*** STUDY MATERIAL ***

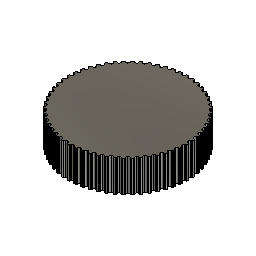
gear_60z (Autodesk Fusion 360 design; units mm, degrees)
Autodesk Fusion 360 part; units mm, degrees
sketch "Sketch1" plane through (0, 0, 0) normal (0, 0, 1) x (1, 0, 0) in component "gt2 pulley"
  circle A0 centre (0, 0) radius 19.0986 construction
  circle A1 centre (0, 0) radius 18.0946 construction
  line L0 (0, 0) -> (0, 19.0986) construction
  line L1 (0, 0) -> (0.9995, 19.0724) construction
  line L2 (0, 0) -> (1.4062, 19.0468) construction
  circle A2 centre (0, 0) radius 18.8446 construction
  arc A3 (0.3914, 18.7061) -> (0.4628, 18.4128) centre (1.3875, 18.7934) ccw
  circle A4 centre (0, 0) radius 18.6946 construction
  arc A5 (0.2438, 18.843) -> (0, 18.8446) centre (0, 0) ccw
  arc A6 (0.3914, 18.7061) -> (0.2438, 18.843) centre (0.2419, 18.693) ccw
  arc A7 (0.4628, 18.4128) -> (0.947, 18.0698) centre (0.976, 18.624) ccw
  arc A8 (0, 18.8446) -> (-0.2438, 18.843) centre (0, 0) ccw
  arc A9 (-0.2438, 18.843) -> (-0.3914, 18.7061) centre (-0.2419, 18.693) ccw
  arc A10 (-0.4628, 18.4128) -> (-0.3914, 18.7061) centre (-1.3875, 18.7934) ccw
  arc A11 (-0.947, 18.0698) -> (-0.4628, 18.4128) centre (-0.976, 18.624) ccw
  arc A12 (0.947, 18.0698) -> (-0.947, 18.0698) centre (0, 0) ccw
  point P0 (1.3875, 18.7934)
  point P1 (0, 18.8446)
  dimension "d18" = 38.1972
  dimension "d19" = 3
  dimension "d22" = 1.004
  dimension "d24" = 0.75
  dimension "d26" = 1
  dimension "d27" = 0.15
  dimension "d28" = 0.15
  dimension "d47" = 0.555
  dimension "d52" = 3.812
  constraint coincident A0.centre A1.centre
  constraint coincident A0 L0.end
  constraint vertical L0
  constraint coincident A0 L1.end
  constraint coincident A0 L2.end
  constraint concentric A1 A2
  constraint coincident A1 A7.end
  constraint coincident L1 A7.end
  constraint coincident A2 P0
  constraint coincident L2 P0
  constraint coincident P0 A3.centre
  constraint coincident A2 P1
  constraint coincident L0 P1
  constraint concentric A2 A4
  constraint coincident P1 A5.end
  constraint coincident A4 A6.centre
  constraint coincident A3.start A6.start
  constraint tangent A3 A6
  constraint tangent A3 A7
  constraint symmetric L0 A7.end A11.start
  constraint symmetric L0 A3.start A9.end
  constraint symmetric L0 A3.end A10.start
  constraint symmetric L0 A3 A10
  constraint symmetric L0 A5.start A8.end
  constraint symmetric L0 P1 A5.end
  constraint symmetric L0 A5 A8
  constraint symmetric L0 A6 A9
  constraint symmetric L0 A7 A11
  constraint coincident A1 A11.start
  constraint tangent A1 A7
  constraint coincident L1 A7.centre
  measures "d18" diameter of A0
  measures "d19" angle of L0 L1
  measures "d22" distance of A0 A1
  measures "d24" distance of A1 A2
  measures "d26" radius of A3
  measures "d27" distance of A2 A4
  measures "d28" radius of A6
  measures "d47" radius of A7
extrude "Extrude1" add sketch "Sketch1" along normal blind 10 makes body 1
pattern_circular "C-Pattern1" count 60 over 360 about axis through (0, 0, 1.75) along (0, 0, 1) of bodies 1 makes body 2 at (-1.9961, 17.9842, 6.6667) makes body 3 at (-3.0384, 17.8377, 3.3333) makes body 4 at (-4.8863, 17.4224, 3.3333) makes body 5 at (-6.6806, 16.8162, 3.3333) makes body 6 at (-9.1383, 15.6175, 6.6667) makes body 7 at (-10.7207, 14.5767, 6.6667) makes body 8 at (-12.1857, 13.3762, 6.6667) makes body 9 at (-13.9287, 11.5501, 6.6667) makes body 10 at (-14.1937, 11.2229, 3.3333) makes body 11 at (-15.289, 9.6778, 3.3333) makes body 12 at (-16.5728, 7.2634, 6.6667) makes body 13 at (-17.2412, 5.4913, 6.6667) makes body 14 at (-17.8377, 3.0384, 6.6667) makes body 15 at (-18.0062, 1.7867, 6.6667) makes body 16 at (-18.0796, 0.7367, 3.3333) makes body 17 at (-18.0576, -1.1572, 3.3333) makes body 18 at (-17.8377, -3.0384, 3.3333) makes body 19 at (-17.4224, -4.8863, 3.3333) makes body 20 at (-16.4871, -7.4558, 6.6667) makes body 21 at (-15.6175, -9.1383, 6.6667) makes body 22 at (-14.5767, -10.7207, 6.6667) makes body 23 at (-13.3762, -12.1857, 6.6667) makes body 24 at (-11.5501, -13.9287, 6.6667) makes body 25 at (-11.2229, -14.1937, 3.3333) makes body 26 at (-8.4018, -16.0257, 6.6667) makes body 27 at (-7.2634, -16.5728, 6.6667) makes body 28 at (-5.4913, -17.2412, 6.6667) makes body 29 at (-3.0384, -17.8377, 6.6667) makes body 30 at (-2.6225, -17.9035, 3.3333) makes body 31 at (-0.7367, -18.0796, 3.3333) makes body 32 at (1.1572, -18.0576, 3.3333) makes body 33 at (3.865, -17.677, 6.6667) makes body 34 at (4.8863, -17.4224, 3.3333) makes body 35 at (6.6806, -16.8162, 3.3333) makes body 36 at (9.1383, -15.6175, 6.6667) makes body 37 at (10.0309, -15.0597, 3.3333) makes body 38 at (12.1857, -13.3762, 6.6667) makes body 39 at (13.9287, -11.5501, 6.6667) makes body 40 at (14.7005, -10.5504, 6.6667) makes body 41 at (15.7228, -8.956, 6.6667) makes body 42 at (16.2169, -8.0266, 3.3333) makes body 43 at (17.2412, -5.4913, 6.6667) makes body 44 at (17.5313, -4.4795, 3.3333) makes body 45 at (17.9035, -2.6225, 3.3333) makes body 46 at (18.0796, -0.7367, 3.3333) makes body 47 at (17.9842, 1.9961, 6.6667) makes body 48 at (17.8377, 3.0384, 3.3333) makes body 49 at (17.1762, 5.6916, 6.6667) makes body 50 at (16.8162, 6.6806, 3.3333) makes body 51 at (15.289, 9.6778, 6.6667) makes body 52 at (15.0597, 10.0309, 3.3333) makes body 53 at (12.9428, 12.6451, 6.6667) makes body 54 at (12.0292, 13.5171, 6.6667) makes body 55 at (10.5504, 14.7005, 6.6667) makes body 56 at (8.956, 15.7228, 6.6667) makes body 57 at (8.0266, 16.2169, 3.3333) makes body 58 at (5.4913, 17.2412, 6.6667) makes body 59 at (4.4795, 17.5313, 3.3333) makes body 60 at (1.7867, 18.0062, 6.6667)
sketch "Sketch2" plane through (0, 0, 10) normal (0, 0, 1) x (-1, 0, 0)
  arc A0 (-9.692, -16.0043) -> (-9.6327, -16.1966) centre (-9.556, -16.0677) ccw
  arc A1 (-9.6327, -16.1966) -> (-9.2104, -16.4404) centre (0, 0) ccw
  arc A2 (-9.2104, -16.4404) -> (-9.0141, -16.3957) centre (-9.137, -16.3096) ccw
  arc A3 (-8.8056, -16.1773) -> (-9.0141, -16.3957) centre (-8.1951, -16.9694) ccw
  arc A4 (-8.2148, -16.1224) -> (-8.8055, -16.1773) centre (-8.4667, -16.6169) ccw
  arc A5 (-9.855, -15.1754) -> (-8.2148, -16.1224) centre (0, 0) ccw
  arc A6 (-9.6072, -15.7145) -> (-9.855, -15.1754) centre (-10.1573, -15.6409) ccw
  arc A7 (-9.692, -16.0043) -> (-9.6072, -15.7145) centre (-10.5984, -15.5818) ccw
  circle A8 centre (0, 0) radius 18.0946
  constraint coincident A1.centre A5.centre
extrude "Extrude2" add sketch "Sketch2" against normal blind 10 contours A5 A8 bodies 1 2 3 4 5 6 7 8 9 10 11 12 13 14 15 16 17 18 19 20 21 22 23 24 25 26 27 28 29 30 31 32 33 34 35 36 37 38 39 40 41 42 43 44 45 46 47 48 49 50 51 52 53 54 55 56 57 58 59 60
extrude "Extrude4" [suppressed] in component "gt2 pulley"
pattern_circular "C-Pattern7" [suppressed] in component "gt2 pulley"
extrude "Extrude3" [suppressed] in component "gt2 pulley"
pattern_circular "C-Pattern6" [suppressed] in component "gt2 pulley"
extrude "Extrude2'" [suppressed] in component "gt2 pulley"
pattern_circular "C-Pattern5" [suppressed] in component "gt2 pulley"
extrude "Extrude1'" [suppressed] in component "gt2 pulley"
pattern_circular "C-Pattern4" [suppressed] in component "gt2 pulley"
pattern_circular "C-Pattern3" [suppressed] in component "gt2 pulley"
pattern_circular "C-Pattern2" [suppressed] in component "gt2 pulley"
pattern_circular "C-Pattern1'" [suppressed] in component "gt2 pulley"
copy_body "Body->Comp1" [suppressed] in component "Component"
copy_body "Body->Comp2" [suppressed] in component "Component'"
copy_body "Body->Comp3" [suppressed] in component "Component''"
copy_body "Body->Comp4" [suppressed] in component "Component'''"
copy_body "Body->Comp5" [suppressed] in component "Component''''"
copy_body "Body->Comp6" [suppressed] in component "Component'''''"
copy_body "Body->Comp7" [suppressed] in component "Component''''''"
copy_body "Body->Comp8" [suppressed] in component "Component'''''''"
copy_body "Body->Comp9" [suppressed] in component "Component''''''''"
copy_body "Body->Comp10" [suppressed] in component "Component'''''''''"
copy_body "Body->Comp11" [suppressed] in component "Component''''''''''"
copy_body "Body->Comp12" [suppressed] in component "Component'''''''''''"
copy_body "Body->Comp13" [suppressed] in component "Component''''''''''''"
copy_body "Body->Comp14" [suppressed] in component "Component'''''''''''''"
copy_body "Body->Comp15" [suppressed] in component "Component''''''''''''''"
copy_body "Body->Comp16" [suppressed] in component "Component'''''''''''''''"
copy_body "Body->Comp17" [suppressed] in component "Component''''''''''''''''"
copy_body "Body->Comp18" [suppressed] in component "Component'''''''''''''''''"
copy_body "Body->Comp19" [suppressed] in component "Component''''''''''''''''''"
copy_body "Body->Comp20" [suppressed] in component "Component'''''''''''''''''''"
component "gt2 pulley" placed x (1, 0, 0) y (0, 1, 0) z (0, 0, 1) at (0, 0, 0)
equation "NumTeeth = 60" comment "min 20"
equation "ToothPitch = 2 mm"
equation "PullyDia = NumTeeth * ToothPitch / PI"
equation "ToothAng = ( ( 360 / NumTeeth ) * 1 deg )"
equation "TransOffsetAngle = ToothAng * 0.2"
equation "Sholulder_Radius = 0.15 mm"
equation "Root_Radius = 0.555 mm"
equation "TransRadius = 1 mm"
equation "ToolHeight = 0.75 mm"
equation "PLD = 0.254 mm"
equation "d18 = PullyDia"
equation "d19 = ToothAng / 2"
equation "d22 = PLD + ToolHeight"
equation "d24 = ToolHeight"
equation "d26 = TransRadius"
equation "d27 = Sholulder_Radius"
equation "d31 = NumTeeth"
equation "d33 = NumTeeth"
equation "d35 = NumTeeth"
equation "d37 = NumTeeth"
equation "d41 = NumTeeth"
equation "d45 = NumTeeth"
equation "d47 = Root_Radius"
equation "d50 = NumTeeth"

*** End of STUDY MATERIAL ***

*TASK STATEMENT*
Could you copy, exactly and with no pictures, each line from the first one above to the line holding "arc A5 (0.2438, 18.843)"?

*SOLUTION BELOW*
gear_60z (Autodesk Fusion 360 design; units mm, degrees)
Autodesk Fusion 360 part; units mm, degrees
sketch "Sketch1" plane through (0, 0, 0) normal (0, 0, 1) x (1, 0, 0) in component "gt2 pulley"
  circle A0 centre (0, 0) radius 19.0986 construction
  circle A1 centre (0, 0) radius 18.0946 construction
  line L0 (0, 0) -> (0, 19.0986) construction
  line L1 (0, 0) -> (0.9995, 19.0724) construction
  line L2 (0, 0) -> (1.4062, 19.0468) construction
  circle A2 centre (0, 0) radius 18.8446 construction
  arc A3 (0.3914, 18.7061) -> (0.4628, 18.4128) centre (1.3875, 18.7934) ccw
  circle A4 centre (0, 0) radius 18.6946 construction
  arc A5 (0.2438, 18.843) -> (0, 18.8446) centre (0, 0) ccw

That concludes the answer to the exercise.